## YOUR OBJECTIVE
Your answer should be the exact lines of the data below from the one containing "#145=VECTOR('',#144,1.);" through the one containing "#153=ORIENTED_EDGE('',*,*,#152,.T.);"; please include nothing else.
Start of DATA FOR REVIEW
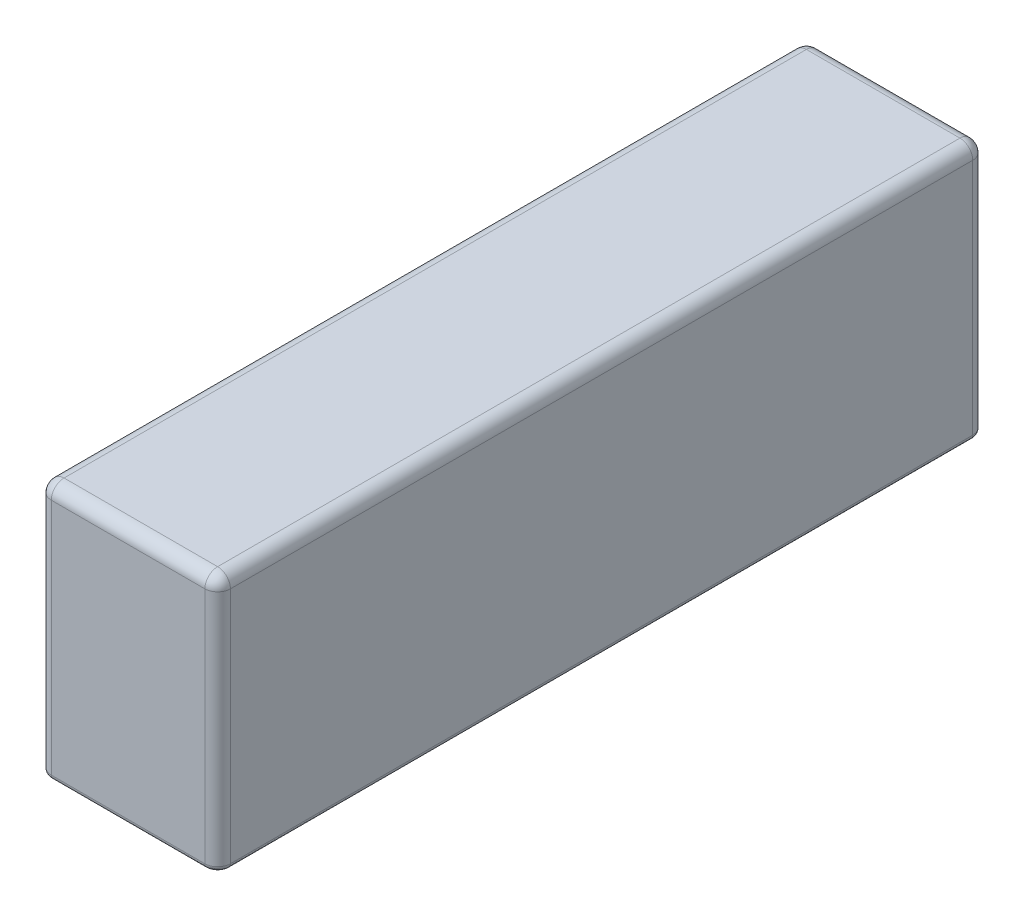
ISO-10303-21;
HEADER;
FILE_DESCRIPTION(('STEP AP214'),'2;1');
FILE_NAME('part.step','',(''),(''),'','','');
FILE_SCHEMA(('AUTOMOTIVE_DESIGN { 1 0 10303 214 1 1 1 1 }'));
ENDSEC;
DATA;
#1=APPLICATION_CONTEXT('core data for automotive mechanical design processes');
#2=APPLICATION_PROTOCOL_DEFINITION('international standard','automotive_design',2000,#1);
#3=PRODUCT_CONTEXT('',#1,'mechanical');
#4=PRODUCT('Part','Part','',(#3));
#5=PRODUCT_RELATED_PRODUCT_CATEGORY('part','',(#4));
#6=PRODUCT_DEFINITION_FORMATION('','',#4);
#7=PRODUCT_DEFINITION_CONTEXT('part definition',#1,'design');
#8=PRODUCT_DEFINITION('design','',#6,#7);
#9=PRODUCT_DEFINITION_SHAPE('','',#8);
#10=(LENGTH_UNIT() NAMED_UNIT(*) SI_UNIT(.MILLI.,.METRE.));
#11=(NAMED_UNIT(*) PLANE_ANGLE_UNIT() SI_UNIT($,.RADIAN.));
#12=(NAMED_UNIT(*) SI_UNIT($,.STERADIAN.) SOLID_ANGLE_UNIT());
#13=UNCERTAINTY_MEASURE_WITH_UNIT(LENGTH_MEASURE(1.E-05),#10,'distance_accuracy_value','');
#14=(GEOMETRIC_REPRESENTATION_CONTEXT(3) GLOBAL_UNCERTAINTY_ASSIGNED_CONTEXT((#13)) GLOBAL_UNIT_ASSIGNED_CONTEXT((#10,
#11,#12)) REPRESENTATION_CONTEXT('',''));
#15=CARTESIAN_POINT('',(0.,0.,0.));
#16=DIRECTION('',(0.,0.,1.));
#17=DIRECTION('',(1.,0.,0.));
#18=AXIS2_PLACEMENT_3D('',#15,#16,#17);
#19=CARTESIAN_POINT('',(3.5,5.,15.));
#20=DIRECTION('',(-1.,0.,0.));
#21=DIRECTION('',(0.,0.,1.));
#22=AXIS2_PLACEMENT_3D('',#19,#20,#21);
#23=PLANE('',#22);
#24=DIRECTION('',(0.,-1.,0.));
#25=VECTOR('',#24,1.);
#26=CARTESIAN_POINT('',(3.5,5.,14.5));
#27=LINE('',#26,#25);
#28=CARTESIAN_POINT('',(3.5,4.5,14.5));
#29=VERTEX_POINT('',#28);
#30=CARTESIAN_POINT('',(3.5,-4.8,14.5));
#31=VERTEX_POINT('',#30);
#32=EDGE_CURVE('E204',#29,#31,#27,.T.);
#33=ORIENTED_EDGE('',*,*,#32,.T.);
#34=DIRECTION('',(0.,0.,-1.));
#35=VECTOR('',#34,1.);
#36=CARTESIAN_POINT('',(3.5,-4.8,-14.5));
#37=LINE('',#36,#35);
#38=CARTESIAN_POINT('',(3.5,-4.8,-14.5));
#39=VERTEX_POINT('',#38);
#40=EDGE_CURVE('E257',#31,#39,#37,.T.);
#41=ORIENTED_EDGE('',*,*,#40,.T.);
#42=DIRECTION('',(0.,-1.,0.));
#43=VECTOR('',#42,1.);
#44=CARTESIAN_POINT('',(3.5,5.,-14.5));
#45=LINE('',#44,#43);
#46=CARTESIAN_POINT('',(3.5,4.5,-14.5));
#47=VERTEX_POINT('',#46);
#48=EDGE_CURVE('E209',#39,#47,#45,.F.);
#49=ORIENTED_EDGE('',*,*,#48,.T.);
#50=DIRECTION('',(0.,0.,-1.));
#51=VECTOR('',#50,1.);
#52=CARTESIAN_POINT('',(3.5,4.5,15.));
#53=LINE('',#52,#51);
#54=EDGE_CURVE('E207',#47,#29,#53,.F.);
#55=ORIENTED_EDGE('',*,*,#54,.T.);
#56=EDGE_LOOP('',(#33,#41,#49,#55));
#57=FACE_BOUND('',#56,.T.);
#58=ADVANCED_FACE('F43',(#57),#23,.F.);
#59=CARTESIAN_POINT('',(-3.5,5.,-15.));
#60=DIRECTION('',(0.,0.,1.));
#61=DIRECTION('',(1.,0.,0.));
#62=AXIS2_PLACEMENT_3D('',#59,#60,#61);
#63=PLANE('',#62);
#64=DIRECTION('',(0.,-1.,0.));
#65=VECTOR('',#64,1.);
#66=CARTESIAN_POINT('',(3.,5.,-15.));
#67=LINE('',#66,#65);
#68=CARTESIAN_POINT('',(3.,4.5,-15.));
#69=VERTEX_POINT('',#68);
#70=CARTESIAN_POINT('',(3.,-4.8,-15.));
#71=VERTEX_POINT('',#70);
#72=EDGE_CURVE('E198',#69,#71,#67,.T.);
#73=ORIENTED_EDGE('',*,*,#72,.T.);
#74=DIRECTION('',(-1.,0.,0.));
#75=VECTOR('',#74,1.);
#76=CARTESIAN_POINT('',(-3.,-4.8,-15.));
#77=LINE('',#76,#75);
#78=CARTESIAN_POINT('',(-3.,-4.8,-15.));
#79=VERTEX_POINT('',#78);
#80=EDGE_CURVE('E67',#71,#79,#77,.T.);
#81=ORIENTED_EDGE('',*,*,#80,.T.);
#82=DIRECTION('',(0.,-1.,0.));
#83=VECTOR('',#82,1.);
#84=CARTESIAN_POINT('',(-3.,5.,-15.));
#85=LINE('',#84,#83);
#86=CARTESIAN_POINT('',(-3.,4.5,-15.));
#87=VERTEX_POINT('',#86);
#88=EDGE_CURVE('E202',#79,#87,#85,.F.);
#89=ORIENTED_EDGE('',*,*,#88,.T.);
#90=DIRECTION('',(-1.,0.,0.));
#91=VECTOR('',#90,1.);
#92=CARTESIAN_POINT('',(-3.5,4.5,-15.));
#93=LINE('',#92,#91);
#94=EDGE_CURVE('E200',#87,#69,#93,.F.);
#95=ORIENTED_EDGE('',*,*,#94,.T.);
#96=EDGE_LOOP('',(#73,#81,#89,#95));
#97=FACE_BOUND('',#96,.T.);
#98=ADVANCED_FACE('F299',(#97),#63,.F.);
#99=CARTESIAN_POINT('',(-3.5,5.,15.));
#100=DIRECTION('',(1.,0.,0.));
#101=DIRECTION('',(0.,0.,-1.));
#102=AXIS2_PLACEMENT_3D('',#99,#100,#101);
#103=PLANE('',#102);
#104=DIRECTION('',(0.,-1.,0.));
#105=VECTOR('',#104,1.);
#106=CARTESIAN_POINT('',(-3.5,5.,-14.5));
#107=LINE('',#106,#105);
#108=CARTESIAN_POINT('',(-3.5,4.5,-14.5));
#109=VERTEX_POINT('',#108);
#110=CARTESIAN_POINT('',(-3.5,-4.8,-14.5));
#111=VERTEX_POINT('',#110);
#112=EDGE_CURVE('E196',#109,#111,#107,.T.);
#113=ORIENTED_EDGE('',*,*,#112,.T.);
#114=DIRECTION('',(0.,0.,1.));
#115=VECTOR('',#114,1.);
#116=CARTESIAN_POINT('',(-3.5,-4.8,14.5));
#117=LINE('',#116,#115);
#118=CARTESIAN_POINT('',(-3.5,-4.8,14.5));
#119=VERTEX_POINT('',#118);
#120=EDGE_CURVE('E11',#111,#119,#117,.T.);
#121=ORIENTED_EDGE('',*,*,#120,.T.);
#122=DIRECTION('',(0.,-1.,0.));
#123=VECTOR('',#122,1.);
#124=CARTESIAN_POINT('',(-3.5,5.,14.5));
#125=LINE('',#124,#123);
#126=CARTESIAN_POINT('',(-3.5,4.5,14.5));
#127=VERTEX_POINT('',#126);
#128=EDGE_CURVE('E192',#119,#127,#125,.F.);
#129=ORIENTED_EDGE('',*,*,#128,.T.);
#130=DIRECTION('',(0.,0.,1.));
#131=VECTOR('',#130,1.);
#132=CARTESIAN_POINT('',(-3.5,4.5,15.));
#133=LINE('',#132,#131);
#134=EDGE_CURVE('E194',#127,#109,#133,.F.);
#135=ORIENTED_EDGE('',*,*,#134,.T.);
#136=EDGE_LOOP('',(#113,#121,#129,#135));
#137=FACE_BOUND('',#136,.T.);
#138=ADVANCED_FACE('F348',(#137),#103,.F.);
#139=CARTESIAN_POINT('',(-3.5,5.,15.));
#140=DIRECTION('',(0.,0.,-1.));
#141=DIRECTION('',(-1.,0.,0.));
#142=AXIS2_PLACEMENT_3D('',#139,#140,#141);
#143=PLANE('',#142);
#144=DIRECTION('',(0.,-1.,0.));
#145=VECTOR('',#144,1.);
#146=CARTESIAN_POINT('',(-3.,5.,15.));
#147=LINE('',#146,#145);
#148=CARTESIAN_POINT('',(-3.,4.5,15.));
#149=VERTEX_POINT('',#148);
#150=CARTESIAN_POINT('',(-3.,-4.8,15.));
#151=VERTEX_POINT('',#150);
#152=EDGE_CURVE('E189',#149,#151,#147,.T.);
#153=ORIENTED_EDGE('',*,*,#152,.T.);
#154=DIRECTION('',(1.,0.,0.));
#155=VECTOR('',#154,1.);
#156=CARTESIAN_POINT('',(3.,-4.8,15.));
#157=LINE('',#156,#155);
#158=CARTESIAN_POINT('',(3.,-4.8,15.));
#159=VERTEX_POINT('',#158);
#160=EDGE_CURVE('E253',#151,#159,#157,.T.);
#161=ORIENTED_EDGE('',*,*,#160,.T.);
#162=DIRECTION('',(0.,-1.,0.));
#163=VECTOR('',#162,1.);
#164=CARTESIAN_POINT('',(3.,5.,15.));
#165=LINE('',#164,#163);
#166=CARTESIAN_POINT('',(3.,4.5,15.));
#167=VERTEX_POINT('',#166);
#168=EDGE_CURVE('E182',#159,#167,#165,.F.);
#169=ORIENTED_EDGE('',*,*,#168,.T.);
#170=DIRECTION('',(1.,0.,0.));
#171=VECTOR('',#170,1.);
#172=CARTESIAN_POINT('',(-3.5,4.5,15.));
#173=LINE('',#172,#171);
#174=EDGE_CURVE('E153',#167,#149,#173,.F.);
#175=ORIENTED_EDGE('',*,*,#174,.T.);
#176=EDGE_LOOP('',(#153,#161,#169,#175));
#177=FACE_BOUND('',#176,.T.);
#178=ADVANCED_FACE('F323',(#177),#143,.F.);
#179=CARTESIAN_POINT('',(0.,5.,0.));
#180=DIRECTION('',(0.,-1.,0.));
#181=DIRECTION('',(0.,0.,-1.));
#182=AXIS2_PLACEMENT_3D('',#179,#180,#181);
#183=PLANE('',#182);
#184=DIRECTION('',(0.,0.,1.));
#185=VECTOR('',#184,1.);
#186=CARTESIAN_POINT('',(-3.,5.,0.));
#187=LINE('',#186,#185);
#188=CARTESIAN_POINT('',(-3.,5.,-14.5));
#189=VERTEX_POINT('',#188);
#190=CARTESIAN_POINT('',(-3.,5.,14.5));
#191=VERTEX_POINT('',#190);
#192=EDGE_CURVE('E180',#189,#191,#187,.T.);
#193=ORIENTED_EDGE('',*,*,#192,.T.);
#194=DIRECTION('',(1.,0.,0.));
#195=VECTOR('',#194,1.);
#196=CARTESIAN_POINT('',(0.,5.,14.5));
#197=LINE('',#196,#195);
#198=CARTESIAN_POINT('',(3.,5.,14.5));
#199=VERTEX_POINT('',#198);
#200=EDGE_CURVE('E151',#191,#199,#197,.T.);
End of DATA FOR REVIEW
## TASK SOLUTION
#145=VECTOR('',#144,1.);
#146=CARTESIAN_POINT('',(-3.,5.,15.));
#147=LINE('',#146,#145);
#148=CARTESIAN_POINT('',(-3.,4.5,15.));
#149=VERTEX_POINT('',#148);
#150=CARTESIAN_POINT('',(-3.,-4.8,15.));
#151=VERTEX_POINT('',#150);
#152=EDGE_CURVE('E189',#149,#151,#147,.T.);
#153=ORIENTED_EDGE('',*,*,#152,.T.);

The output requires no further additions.